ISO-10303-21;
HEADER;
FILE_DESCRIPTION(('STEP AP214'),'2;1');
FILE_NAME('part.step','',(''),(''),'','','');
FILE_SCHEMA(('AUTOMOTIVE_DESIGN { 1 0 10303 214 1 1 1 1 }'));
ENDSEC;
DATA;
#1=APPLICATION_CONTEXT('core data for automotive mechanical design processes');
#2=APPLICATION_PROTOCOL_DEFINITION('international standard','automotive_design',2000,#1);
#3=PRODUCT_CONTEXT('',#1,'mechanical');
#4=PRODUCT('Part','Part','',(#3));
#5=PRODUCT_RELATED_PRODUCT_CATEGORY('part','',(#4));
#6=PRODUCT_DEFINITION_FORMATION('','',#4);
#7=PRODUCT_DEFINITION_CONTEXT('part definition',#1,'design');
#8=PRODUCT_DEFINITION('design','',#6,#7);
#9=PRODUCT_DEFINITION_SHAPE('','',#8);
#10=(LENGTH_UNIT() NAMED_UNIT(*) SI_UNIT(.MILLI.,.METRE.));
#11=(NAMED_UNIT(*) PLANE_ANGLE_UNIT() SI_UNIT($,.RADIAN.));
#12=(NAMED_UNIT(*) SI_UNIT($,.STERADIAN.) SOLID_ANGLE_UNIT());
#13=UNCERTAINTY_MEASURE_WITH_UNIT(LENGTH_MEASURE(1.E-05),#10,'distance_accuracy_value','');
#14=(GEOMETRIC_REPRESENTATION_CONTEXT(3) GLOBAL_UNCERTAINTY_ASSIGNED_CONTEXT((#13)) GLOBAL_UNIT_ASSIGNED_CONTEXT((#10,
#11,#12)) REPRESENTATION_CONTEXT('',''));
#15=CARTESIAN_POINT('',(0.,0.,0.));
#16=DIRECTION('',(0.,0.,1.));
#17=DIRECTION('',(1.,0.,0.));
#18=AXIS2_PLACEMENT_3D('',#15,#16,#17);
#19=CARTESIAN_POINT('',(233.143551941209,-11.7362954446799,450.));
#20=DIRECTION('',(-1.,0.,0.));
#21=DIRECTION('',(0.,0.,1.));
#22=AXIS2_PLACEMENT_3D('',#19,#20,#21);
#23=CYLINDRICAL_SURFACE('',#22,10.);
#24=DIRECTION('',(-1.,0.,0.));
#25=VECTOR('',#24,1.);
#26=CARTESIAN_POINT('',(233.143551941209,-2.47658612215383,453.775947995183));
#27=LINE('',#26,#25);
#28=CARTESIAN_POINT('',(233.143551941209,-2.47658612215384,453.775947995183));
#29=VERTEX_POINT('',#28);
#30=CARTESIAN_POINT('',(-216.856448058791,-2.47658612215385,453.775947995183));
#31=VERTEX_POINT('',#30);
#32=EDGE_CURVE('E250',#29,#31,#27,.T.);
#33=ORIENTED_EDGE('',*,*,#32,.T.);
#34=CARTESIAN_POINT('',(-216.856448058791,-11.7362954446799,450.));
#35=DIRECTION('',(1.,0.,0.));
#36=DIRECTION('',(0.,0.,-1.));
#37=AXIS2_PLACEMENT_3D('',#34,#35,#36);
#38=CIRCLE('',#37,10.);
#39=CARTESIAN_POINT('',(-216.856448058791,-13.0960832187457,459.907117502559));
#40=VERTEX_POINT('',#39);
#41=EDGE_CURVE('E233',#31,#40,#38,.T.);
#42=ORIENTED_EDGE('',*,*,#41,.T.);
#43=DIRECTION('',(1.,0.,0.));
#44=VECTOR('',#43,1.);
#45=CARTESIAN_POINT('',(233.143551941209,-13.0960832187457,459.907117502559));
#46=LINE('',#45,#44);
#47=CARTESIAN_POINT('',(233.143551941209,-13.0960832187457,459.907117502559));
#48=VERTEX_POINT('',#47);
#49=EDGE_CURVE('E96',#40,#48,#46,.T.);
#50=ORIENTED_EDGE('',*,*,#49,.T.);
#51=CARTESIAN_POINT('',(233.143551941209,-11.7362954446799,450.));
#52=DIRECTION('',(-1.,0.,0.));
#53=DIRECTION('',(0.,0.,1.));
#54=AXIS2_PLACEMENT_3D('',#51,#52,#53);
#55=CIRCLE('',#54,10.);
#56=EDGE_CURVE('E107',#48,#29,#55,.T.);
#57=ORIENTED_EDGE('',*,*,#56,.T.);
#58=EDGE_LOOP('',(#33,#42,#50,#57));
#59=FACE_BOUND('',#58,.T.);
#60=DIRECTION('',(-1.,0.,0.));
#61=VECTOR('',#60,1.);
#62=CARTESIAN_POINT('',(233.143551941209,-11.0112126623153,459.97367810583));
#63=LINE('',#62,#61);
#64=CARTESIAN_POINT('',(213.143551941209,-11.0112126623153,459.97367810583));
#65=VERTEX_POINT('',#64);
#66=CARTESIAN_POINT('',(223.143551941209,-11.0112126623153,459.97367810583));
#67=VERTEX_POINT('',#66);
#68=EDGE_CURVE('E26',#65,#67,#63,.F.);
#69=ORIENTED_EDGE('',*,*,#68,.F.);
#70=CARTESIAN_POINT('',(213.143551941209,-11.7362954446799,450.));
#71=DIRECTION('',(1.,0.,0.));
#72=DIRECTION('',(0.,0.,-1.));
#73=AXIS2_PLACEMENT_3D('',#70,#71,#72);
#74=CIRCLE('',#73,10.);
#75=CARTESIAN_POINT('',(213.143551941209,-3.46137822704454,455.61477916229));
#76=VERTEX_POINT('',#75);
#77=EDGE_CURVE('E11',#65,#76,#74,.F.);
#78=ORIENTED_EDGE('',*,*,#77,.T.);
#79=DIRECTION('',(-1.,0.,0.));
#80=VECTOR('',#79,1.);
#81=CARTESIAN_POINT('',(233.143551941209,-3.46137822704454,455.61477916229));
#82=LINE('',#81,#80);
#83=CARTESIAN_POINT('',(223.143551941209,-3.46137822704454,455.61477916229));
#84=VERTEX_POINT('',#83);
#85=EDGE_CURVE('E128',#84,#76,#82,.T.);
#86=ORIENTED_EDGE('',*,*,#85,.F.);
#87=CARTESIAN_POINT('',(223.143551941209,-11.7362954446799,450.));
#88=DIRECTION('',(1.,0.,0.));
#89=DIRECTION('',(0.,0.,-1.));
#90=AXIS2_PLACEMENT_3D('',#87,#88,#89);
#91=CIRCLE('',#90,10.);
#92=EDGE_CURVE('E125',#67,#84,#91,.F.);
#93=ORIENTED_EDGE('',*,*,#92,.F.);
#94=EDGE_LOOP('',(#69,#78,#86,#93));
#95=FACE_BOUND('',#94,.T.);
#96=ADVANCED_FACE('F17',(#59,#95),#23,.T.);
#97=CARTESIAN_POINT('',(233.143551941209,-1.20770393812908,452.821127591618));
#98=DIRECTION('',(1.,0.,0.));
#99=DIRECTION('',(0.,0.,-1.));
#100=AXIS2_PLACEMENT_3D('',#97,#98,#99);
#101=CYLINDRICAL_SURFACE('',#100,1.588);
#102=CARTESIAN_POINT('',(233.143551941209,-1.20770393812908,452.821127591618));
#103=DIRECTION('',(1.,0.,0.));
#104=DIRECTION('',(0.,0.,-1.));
------------------------------------------------
A verbatim transcription is needed of the lines above, starting at the line with "#43=DIRECTION('',(1.,0.,0.));" and ending at the line with "#74=CIRCLE('',#73,10.);", both included, and of nothing else.

_Exercise solution_:
#43=DIRECTION('',(1.,0.,0.));
#44=VECTOR('',#43,1.);
#45=CARTESIAN_POINT('',(233.143551941209,-13.0960832187457,459.907117502559));
#46=LINE('',#45,#44);
#47=CARTESIAN_POINT('',(233.143551941209,-13.0960832187457,459.907117502559));
#48=VERTEX_POINT('',#47);
#49=EDGE_CURVE('E96',#40,#48,#46,.T.);
#50=ORIENTED_EDGE('',*,*,#49,.T.);
#51=CARTESIAN_POINT('',(233.143551941209,-11.7362954446799,450.));
#52=DIRECTION('',(-1.,0.,0.));
#53=DIRECTION('',(0.,0.,1.));
#54=AXIS2_PLACEMENT_3D('',#51,#52,#53);
#55=CIRCLE('',#54,10.);
#56=EDGE_CURVE('E107',#48,#29,#55,.T.);
#57=ORIENTED_EDGE('',*,*,#56,.T.);
#58=EDGE_LOOP('',(#33,#42,#50,#57));
#59=FACE_BOUND('',#58,.T.);
#60=DIRECTION('',(-1.,0.,0.));
#61=VECTOR('',#60,1.);
#62=CARTESIAN_POINT('',(233.143551941209,-11.0112126623153,459.97367810583));
#63=LINE('',#62,#61);
#64=CARTESIAN_POINT('',(213.143551941209,-11.0112126623153,459.97367810583));
#65=VERTEX_POINT('',#64);
#66=CARTESIAN_POINT('',(223.143551941209,-11.0112126623153,459.97367810583));
#67=VERTEX_POINT('',#66);
#68=EDGE_CURVE('E26',#65,#67,#63,.F.);
#69=ORIENTED_EDGE('',*,*,#68,.F.);
#70=CARTESIAN_POINT('',(213.143551941209,-11.7362954446799,450.));
#71=DIRECTION('',(1.,0.,0.));
#72=DIRECTION('',(0.,0.,-1.));
#73=AXIS2_PLACEMENT_3D('',#70,#71,#72);
#74=CIRCLE('',#73,10.);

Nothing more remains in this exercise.